TASK INSTRUCTIONS: Go through the entries below, tally each line with the string "BuildPart", and give the final number by itself.

────────────────

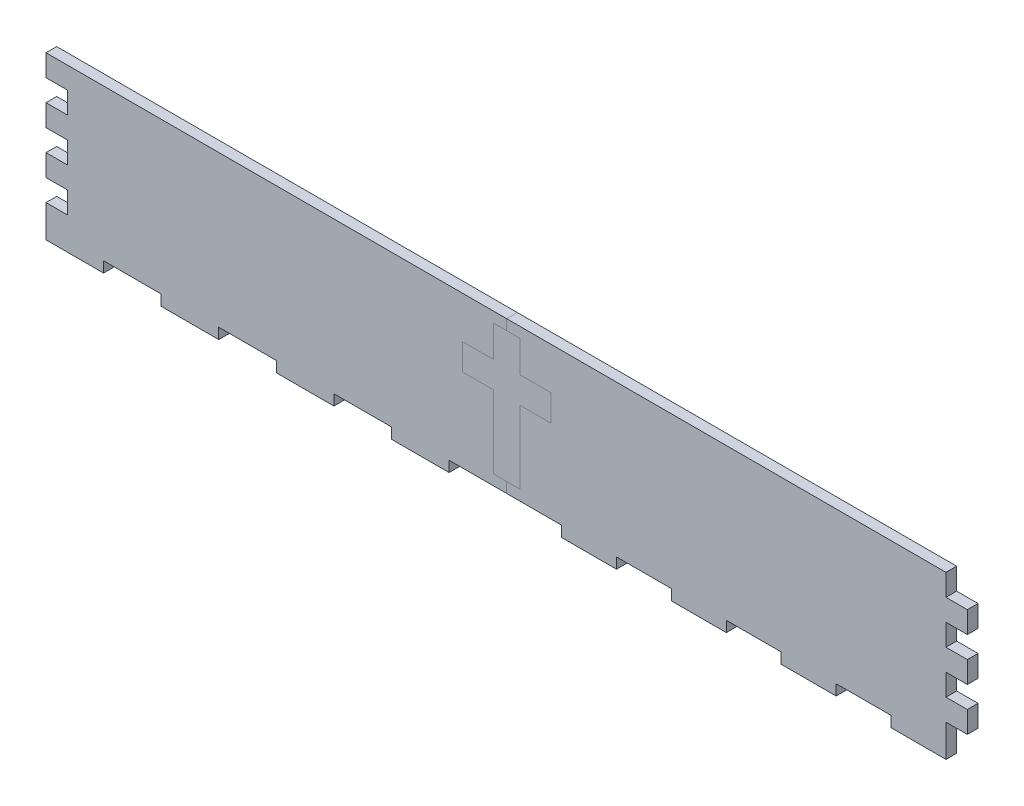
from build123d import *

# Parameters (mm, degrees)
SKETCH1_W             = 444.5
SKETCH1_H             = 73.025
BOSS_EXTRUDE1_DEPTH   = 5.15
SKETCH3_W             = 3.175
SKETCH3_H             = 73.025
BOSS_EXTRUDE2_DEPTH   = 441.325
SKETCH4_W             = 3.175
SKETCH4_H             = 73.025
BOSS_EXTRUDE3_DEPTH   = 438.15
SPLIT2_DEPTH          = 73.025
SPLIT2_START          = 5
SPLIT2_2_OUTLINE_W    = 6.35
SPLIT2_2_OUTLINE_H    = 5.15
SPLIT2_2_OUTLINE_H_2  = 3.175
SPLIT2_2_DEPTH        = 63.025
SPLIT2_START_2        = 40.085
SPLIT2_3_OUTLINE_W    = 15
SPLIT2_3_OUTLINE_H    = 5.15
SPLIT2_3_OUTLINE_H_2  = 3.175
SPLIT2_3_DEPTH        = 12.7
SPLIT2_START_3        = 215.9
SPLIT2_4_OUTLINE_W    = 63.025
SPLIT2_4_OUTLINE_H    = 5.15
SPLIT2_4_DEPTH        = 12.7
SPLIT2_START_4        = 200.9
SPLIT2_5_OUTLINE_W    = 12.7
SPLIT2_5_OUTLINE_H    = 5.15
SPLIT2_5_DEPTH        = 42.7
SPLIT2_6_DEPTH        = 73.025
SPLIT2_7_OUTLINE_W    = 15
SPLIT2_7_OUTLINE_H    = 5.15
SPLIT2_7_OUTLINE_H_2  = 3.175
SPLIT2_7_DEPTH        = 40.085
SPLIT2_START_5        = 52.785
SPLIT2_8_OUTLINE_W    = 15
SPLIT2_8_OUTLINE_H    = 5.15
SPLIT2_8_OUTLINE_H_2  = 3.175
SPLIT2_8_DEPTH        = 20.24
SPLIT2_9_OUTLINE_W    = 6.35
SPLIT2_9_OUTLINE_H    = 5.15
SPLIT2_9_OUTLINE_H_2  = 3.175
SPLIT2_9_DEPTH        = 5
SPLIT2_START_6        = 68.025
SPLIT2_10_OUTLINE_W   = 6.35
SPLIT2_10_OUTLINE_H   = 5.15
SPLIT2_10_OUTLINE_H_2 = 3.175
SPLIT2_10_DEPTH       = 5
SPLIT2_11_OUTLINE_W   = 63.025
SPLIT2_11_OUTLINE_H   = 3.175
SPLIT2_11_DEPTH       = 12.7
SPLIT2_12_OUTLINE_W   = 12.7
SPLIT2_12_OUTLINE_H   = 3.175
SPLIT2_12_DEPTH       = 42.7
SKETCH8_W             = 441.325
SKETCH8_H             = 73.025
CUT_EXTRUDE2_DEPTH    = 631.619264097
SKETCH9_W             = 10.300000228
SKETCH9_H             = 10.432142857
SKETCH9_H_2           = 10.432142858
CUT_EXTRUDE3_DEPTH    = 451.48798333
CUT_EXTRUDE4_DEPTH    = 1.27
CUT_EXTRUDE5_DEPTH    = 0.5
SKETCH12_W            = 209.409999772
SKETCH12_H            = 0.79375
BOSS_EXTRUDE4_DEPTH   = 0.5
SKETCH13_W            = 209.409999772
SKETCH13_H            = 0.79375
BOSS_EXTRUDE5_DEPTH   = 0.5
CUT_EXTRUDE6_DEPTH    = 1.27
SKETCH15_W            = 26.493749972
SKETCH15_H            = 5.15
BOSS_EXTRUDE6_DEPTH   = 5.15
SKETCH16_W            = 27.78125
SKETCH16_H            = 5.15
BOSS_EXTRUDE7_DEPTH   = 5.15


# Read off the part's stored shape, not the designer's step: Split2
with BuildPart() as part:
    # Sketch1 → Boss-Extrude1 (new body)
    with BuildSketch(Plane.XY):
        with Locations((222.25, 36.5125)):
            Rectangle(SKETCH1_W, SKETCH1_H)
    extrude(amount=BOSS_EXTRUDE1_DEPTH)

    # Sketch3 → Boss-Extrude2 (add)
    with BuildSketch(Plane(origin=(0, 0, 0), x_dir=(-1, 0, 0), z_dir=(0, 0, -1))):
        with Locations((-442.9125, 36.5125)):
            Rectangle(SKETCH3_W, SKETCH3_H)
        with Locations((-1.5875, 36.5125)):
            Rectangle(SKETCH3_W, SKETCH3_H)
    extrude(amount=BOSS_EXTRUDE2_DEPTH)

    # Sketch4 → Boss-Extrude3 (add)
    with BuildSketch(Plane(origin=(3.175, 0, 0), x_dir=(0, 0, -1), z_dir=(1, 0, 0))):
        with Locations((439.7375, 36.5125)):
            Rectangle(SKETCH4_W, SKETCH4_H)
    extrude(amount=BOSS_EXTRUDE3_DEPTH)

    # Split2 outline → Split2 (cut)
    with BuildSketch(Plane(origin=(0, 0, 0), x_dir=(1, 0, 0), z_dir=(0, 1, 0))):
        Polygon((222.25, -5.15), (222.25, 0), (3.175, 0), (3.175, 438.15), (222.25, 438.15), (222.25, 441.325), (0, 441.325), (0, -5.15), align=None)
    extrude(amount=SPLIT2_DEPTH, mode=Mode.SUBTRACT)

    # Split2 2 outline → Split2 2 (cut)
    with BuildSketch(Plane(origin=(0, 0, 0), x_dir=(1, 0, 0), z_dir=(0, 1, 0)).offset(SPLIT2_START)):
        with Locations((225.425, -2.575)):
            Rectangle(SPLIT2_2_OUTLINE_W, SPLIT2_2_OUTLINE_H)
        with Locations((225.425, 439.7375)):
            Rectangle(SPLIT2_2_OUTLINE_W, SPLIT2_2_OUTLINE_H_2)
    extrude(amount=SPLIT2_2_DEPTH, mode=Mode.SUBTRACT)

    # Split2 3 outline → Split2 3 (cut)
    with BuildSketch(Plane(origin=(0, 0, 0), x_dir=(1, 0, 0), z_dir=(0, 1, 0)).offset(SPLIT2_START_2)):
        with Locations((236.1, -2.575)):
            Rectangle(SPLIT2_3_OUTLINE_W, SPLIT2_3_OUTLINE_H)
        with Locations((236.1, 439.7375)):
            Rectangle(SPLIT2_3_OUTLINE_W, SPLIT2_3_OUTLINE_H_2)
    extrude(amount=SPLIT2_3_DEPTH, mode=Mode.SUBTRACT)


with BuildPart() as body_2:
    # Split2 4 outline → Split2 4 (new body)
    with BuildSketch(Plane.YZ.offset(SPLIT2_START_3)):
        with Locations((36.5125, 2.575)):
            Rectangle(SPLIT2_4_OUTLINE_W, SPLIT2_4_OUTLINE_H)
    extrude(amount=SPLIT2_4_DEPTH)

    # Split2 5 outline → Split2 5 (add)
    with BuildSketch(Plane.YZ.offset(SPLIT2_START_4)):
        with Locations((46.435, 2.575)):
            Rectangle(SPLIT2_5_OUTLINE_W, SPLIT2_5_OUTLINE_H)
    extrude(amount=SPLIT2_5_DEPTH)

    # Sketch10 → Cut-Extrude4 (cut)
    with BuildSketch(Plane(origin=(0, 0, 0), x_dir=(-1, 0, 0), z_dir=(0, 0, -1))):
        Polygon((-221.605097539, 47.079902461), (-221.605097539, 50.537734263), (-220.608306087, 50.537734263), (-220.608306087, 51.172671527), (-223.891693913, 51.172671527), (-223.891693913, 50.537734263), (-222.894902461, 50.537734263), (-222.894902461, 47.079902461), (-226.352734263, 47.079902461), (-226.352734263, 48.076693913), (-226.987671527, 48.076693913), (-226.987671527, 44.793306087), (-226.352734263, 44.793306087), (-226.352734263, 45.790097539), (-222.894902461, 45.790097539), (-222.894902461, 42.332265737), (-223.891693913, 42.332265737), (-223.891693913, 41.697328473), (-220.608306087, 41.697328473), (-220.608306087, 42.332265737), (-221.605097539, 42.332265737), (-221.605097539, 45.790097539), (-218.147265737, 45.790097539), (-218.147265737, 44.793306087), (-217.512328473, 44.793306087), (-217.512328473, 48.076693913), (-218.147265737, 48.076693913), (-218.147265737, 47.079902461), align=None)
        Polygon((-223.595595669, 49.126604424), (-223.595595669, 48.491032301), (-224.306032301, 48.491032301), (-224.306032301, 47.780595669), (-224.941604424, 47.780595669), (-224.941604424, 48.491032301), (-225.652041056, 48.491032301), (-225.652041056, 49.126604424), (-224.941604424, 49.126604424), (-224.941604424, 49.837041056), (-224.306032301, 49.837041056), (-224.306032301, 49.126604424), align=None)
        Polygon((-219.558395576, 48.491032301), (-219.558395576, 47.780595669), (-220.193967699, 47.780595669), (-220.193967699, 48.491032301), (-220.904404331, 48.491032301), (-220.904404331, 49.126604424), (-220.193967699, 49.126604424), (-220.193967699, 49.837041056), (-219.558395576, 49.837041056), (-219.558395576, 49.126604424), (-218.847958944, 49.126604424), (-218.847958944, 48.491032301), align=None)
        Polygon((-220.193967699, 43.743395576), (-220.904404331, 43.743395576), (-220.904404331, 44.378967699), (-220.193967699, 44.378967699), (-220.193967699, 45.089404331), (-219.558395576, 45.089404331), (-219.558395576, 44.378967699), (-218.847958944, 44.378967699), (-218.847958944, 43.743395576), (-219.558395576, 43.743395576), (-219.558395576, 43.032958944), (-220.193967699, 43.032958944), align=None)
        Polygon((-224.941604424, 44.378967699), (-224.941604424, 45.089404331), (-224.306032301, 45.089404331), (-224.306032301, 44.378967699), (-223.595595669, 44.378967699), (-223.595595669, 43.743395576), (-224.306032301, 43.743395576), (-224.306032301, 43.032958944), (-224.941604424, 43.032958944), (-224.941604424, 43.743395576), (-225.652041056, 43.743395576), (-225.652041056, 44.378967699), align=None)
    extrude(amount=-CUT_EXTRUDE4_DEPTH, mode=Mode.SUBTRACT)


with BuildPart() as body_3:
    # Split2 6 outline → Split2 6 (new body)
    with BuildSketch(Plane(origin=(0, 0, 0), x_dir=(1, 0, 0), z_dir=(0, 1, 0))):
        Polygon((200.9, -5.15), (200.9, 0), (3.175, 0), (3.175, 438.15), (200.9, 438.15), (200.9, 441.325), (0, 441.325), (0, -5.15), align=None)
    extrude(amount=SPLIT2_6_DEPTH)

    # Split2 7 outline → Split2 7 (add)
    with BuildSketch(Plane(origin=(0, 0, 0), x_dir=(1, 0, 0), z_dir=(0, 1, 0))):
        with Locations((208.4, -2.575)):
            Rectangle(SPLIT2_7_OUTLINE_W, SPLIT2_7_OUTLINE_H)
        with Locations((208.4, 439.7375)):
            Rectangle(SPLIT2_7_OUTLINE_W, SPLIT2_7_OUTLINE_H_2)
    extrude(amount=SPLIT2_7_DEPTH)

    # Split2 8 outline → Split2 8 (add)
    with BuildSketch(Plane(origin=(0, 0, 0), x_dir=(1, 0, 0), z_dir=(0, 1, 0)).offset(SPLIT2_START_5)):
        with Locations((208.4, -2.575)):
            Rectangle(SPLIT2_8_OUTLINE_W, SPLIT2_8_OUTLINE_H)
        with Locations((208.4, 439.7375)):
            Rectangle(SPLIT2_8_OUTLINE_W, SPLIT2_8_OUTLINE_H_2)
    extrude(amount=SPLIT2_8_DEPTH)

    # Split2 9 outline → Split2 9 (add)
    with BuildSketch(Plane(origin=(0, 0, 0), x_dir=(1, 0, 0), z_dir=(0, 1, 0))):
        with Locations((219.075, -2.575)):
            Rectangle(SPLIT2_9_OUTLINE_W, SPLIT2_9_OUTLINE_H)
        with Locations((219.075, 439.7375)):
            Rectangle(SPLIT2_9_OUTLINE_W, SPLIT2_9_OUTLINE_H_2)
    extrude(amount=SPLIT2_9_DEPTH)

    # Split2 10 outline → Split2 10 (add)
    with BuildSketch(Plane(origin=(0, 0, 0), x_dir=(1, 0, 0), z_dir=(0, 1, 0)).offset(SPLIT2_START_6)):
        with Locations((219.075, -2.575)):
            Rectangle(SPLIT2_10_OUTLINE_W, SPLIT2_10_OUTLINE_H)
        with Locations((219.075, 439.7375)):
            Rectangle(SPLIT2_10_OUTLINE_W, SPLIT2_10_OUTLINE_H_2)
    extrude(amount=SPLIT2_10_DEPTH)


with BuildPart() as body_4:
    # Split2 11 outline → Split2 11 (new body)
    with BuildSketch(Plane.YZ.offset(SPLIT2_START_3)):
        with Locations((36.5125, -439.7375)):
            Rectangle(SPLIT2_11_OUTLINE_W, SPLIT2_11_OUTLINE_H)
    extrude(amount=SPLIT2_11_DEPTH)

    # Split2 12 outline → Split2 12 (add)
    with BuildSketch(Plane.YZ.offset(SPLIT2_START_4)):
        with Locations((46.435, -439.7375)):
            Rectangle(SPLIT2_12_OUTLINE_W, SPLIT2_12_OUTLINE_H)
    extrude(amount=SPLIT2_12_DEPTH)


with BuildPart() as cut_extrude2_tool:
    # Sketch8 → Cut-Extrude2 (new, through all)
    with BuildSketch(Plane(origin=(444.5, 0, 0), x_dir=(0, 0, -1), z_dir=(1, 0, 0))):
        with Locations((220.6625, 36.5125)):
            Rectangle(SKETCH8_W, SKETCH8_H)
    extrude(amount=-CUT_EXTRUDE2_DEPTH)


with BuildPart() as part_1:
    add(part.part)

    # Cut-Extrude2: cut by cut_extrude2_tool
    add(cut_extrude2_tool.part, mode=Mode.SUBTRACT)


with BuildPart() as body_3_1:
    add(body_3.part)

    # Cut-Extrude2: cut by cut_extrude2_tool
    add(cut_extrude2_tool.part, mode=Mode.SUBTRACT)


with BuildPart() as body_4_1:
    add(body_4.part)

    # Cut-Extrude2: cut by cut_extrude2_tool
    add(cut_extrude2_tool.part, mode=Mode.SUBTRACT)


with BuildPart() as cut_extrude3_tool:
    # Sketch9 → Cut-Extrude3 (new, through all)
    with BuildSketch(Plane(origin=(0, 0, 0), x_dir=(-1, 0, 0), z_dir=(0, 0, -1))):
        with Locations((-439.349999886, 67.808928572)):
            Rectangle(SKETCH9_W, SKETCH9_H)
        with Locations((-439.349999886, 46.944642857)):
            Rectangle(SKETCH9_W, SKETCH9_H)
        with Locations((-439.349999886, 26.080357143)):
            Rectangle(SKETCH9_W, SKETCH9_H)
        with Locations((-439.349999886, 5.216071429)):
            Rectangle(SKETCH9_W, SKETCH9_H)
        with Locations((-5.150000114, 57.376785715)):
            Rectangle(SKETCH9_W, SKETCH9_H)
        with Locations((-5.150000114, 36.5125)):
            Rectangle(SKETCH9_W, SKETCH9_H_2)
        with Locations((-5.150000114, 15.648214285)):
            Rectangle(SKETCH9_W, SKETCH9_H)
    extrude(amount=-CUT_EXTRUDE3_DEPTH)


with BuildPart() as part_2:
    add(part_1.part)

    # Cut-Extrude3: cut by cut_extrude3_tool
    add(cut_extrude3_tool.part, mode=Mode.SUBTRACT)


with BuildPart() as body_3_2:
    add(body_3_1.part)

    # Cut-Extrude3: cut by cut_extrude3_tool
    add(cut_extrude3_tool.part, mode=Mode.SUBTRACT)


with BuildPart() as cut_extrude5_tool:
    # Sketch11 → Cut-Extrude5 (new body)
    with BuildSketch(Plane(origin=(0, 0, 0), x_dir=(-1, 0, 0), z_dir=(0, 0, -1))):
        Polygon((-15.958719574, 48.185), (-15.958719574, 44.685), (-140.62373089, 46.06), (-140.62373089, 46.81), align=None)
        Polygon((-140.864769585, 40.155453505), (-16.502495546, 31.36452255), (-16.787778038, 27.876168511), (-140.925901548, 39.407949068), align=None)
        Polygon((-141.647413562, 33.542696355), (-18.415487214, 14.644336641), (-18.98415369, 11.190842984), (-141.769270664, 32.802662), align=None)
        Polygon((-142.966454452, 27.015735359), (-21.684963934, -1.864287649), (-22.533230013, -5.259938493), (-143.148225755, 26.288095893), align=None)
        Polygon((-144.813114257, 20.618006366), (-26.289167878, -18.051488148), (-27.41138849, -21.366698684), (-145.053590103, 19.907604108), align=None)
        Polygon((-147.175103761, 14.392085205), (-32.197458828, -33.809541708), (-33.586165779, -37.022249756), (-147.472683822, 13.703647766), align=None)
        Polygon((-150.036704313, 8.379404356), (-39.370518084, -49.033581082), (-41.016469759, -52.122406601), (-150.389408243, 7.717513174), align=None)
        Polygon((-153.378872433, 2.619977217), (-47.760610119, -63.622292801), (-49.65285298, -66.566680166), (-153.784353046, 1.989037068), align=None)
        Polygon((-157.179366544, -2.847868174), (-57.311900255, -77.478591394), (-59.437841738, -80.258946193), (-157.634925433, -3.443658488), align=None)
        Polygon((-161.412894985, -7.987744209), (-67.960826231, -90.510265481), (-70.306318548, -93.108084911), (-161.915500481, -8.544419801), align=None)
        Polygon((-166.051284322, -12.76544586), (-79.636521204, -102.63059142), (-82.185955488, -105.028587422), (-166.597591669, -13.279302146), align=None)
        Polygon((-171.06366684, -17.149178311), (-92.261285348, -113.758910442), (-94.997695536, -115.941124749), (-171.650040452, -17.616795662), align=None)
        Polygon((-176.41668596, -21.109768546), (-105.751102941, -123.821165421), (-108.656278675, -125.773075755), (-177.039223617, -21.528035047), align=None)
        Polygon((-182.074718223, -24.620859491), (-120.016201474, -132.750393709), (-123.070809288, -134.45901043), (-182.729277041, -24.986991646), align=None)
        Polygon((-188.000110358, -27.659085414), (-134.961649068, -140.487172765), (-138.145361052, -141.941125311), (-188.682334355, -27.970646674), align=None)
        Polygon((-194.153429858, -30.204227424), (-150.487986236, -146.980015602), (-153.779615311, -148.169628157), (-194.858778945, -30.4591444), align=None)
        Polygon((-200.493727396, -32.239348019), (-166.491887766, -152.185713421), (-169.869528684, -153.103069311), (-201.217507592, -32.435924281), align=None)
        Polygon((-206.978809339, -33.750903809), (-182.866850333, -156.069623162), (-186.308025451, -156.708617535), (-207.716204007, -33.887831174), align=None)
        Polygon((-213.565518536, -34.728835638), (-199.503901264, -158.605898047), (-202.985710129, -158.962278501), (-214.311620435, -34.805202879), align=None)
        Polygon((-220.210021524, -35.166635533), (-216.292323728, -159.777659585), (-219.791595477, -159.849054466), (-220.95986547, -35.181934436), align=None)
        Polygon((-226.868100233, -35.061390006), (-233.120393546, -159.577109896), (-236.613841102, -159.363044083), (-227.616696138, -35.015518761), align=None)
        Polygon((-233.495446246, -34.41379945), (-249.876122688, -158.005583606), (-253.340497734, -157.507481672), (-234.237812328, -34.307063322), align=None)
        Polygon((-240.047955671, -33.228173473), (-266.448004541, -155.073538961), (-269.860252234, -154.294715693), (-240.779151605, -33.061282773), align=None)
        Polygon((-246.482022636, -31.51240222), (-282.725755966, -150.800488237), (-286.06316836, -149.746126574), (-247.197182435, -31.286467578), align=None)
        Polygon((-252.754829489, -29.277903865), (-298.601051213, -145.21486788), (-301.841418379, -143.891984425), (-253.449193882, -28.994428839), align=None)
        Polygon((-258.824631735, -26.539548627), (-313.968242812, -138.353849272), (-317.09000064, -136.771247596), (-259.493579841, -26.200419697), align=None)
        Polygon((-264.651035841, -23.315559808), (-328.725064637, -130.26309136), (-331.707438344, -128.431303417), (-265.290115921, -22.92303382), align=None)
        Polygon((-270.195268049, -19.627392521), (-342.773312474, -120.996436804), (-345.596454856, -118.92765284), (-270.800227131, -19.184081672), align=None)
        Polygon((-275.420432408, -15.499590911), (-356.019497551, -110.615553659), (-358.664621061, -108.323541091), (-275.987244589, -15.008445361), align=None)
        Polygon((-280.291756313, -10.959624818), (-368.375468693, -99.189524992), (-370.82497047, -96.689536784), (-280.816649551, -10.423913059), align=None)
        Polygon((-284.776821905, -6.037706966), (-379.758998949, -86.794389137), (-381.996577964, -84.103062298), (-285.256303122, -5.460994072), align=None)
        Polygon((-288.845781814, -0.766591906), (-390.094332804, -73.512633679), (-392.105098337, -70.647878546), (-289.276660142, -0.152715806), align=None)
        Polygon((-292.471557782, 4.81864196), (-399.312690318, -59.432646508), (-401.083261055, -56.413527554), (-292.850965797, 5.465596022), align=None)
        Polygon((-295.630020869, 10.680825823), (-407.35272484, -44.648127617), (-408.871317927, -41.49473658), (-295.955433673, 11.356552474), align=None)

────────────────

SOLUTION TO THIS EXERCISE: 12